EXERCISE OBJECTIVE:
Scan the data for "LastModifiedBy" and copy each matching line.

[Opening DATA FOR THIS TASK section]

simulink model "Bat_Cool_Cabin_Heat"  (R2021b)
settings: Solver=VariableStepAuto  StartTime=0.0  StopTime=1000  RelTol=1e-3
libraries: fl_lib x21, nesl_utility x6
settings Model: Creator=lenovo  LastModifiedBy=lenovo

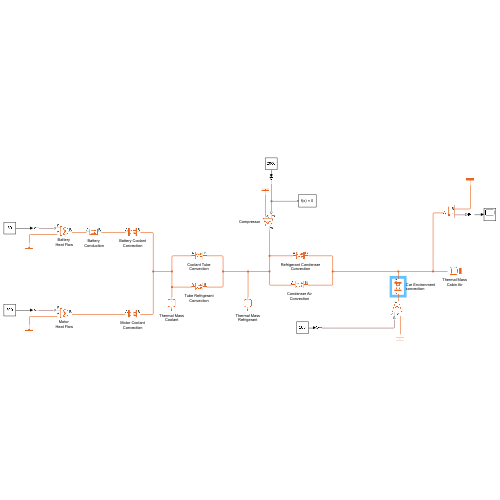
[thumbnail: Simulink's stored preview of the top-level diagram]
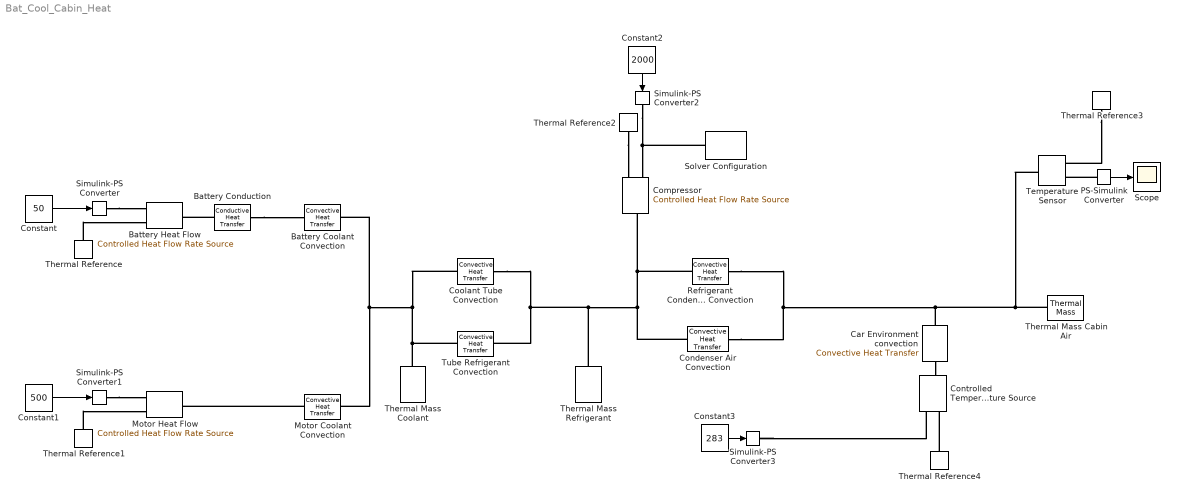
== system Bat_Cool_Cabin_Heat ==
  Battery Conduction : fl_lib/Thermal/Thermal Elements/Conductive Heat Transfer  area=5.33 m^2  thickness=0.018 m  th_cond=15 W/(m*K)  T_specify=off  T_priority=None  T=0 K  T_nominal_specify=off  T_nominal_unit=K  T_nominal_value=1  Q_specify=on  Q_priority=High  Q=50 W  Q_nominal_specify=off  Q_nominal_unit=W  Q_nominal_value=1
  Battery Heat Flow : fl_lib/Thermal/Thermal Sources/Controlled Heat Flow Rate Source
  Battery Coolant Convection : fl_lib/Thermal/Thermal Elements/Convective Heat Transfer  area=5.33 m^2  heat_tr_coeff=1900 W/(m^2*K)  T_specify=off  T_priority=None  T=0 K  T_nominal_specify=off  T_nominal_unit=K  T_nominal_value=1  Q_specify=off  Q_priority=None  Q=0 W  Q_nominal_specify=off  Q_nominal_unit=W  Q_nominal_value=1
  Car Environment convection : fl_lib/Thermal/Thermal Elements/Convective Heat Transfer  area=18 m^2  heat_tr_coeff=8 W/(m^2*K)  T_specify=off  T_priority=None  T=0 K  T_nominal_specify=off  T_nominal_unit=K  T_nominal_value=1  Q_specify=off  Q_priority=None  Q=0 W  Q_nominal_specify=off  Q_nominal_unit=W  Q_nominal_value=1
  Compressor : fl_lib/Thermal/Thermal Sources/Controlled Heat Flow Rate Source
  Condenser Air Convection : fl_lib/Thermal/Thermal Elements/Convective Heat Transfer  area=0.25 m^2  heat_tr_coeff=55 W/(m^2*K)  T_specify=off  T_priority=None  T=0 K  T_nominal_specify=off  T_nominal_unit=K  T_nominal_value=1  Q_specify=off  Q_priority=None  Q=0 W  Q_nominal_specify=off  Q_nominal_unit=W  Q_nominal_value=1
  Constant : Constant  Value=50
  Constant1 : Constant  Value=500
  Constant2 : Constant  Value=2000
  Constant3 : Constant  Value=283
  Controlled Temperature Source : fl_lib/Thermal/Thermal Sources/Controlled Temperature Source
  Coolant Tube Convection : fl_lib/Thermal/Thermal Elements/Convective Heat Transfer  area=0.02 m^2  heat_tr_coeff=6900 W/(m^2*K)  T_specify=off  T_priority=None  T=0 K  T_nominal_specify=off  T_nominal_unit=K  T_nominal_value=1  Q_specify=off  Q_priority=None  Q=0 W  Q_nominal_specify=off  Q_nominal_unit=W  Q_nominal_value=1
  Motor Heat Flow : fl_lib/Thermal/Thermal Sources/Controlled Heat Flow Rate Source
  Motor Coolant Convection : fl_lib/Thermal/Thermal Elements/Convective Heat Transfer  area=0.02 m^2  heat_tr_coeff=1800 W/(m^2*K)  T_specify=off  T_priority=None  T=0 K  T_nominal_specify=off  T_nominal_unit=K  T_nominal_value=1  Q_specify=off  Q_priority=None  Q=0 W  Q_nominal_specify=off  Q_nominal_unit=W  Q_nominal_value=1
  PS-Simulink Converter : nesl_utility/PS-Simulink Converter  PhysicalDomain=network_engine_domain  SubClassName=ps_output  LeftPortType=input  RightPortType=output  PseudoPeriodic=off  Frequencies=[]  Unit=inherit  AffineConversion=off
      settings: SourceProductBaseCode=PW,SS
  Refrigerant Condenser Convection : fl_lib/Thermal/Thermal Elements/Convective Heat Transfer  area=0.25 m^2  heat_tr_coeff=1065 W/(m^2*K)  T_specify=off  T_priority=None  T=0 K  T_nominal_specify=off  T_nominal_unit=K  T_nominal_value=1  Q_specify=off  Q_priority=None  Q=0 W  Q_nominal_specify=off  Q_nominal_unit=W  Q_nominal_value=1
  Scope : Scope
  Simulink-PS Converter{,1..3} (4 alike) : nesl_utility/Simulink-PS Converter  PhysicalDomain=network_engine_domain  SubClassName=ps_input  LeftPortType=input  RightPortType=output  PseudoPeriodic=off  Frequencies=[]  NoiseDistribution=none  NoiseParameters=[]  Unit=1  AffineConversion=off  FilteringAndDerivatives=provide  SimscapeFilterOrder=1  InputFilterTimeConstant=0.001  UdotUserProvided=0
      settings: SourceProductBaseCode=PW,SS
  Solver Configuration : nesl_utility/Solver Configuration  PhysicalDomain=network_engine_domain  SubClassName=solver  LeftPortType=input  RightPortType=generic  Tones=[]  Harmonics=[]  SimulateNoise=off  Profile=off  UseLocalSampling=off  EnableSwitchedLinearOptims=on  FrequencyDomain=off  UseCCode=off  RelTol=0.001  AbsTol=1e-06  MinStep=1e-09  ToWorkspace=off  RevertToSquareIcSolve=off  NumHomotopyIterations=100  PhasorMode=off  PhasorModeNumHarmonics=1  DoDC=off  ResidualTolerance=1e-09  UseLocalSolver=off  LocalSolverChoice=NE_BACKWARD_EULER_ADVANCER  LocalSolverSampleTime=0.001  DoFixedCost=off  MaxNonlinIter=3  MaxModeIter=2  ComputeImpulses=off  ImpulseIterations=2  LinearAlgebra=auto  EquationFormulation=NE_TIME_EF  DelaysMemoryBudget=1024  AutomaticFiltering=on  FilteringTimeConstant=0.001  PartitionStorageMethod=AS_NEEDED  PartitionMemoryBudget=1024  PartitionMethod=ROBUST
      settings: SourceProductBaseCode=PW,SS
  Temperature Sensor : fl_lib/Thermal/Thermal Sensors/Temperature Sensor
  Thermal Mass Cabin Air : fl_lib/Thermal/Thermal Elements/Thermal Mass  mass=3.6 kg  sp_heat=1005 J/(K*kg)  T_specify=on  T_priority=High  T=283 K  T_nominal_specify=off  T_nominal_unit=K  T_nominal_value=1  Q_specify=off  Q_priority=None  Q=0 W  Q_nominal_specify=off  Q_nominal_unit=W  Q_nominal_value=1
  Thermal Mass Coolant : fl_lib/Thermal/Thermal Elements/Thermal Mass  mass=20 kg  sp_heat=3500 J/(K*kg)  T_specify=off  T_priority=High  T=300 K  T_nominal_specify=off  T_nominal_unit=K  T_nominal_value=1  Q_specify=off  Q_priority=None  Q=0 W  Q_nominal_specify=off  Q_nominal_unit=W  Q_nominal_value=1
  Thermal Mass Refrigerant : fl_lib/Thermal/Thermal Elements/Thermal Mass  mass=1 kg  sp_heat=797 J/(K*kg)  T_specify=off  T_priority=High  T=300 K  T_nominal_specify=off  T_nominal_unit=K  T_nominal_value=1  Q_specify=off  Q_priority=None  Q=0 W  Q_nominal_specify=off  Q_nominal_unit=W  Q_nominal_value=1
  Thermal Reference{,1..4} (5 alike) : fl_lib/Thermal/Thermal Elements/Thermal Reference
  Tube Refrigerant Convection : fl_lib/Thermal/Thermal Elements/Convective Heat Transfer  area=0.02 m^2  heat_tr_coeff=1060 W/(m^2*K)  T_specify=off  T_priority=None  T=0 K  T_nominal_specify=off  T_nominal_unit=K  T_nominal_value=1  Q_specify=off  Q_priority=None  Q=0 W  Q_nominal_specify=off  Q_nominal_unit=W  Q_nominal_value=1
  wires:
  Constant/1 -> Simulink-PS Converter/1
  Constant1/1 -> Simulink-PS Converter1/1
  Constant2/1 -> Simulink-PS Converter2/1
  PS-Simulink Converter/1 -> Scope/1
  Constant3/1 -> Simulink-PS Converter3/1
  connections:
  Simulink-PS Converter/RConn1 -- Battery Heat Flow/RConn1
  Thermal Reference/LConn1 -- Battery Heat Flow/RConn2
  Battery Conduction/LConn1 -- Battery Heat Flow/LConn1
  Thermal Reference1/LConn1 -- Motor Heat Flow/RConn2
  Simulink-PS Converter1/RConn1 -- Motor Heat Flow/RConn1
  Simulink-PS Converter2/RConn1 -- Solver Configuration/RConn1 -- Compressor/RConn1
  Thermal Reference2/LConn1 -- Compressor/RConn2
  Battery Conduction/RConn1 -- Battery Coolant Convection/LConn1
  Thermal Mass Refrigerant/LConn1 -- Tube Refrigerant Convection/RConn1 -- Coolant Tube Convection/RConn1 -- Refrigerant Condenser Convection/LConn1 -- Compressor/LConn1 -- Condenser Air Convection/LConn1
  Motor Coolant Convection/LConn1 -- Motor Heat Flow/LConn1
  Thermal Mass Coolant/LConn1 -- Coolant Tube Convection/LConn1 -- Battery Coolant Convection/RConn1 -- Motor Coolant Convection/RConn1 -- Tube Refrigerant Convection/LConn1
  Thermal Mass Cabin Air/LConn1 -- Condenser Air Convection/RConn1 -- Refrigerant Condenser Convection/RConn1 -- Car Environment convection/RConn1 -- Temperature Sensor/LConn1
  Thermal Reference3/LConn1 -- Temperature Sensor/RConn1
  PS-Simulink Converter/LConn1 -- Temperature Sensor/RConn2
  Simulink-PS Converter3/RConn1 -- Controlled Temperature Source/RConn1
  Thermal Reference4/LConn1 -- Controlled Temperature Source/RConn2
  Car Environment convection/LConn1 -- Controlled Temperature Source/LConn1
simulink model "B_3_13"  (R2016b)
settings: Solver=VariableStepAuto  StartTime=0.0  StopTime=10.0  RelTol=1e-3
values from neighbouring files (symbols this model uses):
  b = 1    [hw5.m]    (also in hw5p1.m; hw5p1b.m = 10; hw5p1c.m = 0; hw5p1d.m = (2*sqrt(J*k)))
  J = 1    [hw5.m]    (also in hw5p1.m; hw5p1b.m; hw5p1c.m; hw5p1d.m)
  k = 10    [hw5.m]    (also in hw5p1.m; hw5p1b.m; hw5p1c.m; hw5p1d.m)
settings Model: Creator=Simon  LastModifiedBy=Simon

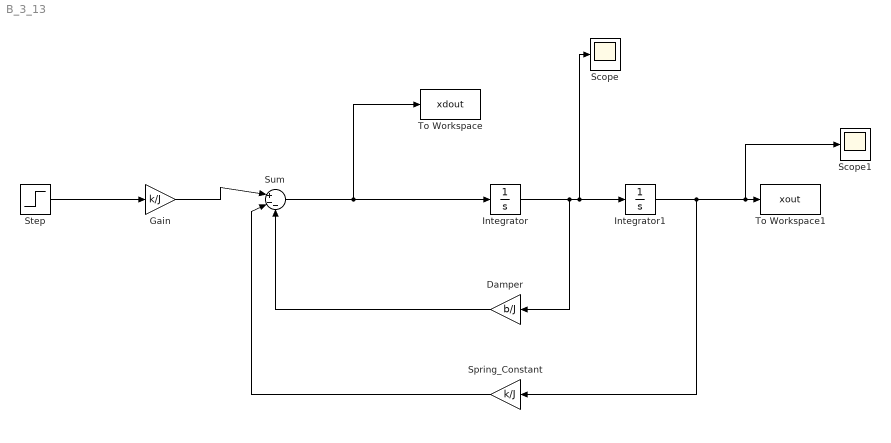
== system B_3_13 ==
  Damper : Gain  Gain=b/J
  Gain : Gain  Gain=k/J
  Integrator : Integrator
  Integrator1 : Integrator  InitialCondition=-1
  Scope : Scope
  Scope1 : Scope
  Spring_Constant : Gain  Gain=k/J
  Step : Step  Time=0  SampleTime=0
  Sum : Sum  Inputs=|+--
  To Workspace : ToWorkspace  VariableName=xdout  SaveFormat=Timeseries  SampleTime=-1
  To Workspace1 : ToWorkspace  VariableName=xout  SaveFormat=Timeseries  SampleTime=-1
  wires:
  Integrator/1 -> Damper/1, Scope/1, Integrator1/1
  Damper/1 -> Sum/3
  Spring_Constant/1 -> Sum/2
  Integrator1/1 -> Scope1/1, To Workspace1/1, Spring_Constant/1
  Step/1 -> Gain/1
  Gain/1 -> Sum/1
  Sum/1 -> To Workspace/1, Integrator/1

[Closing DATA FOR THIS TASK section]

TASK SOLUTION:
settings Model: Creator=lenovo  LastModifiedBy=lenovo
settings Model: Creator=Simon  LastModifiedBy=Simon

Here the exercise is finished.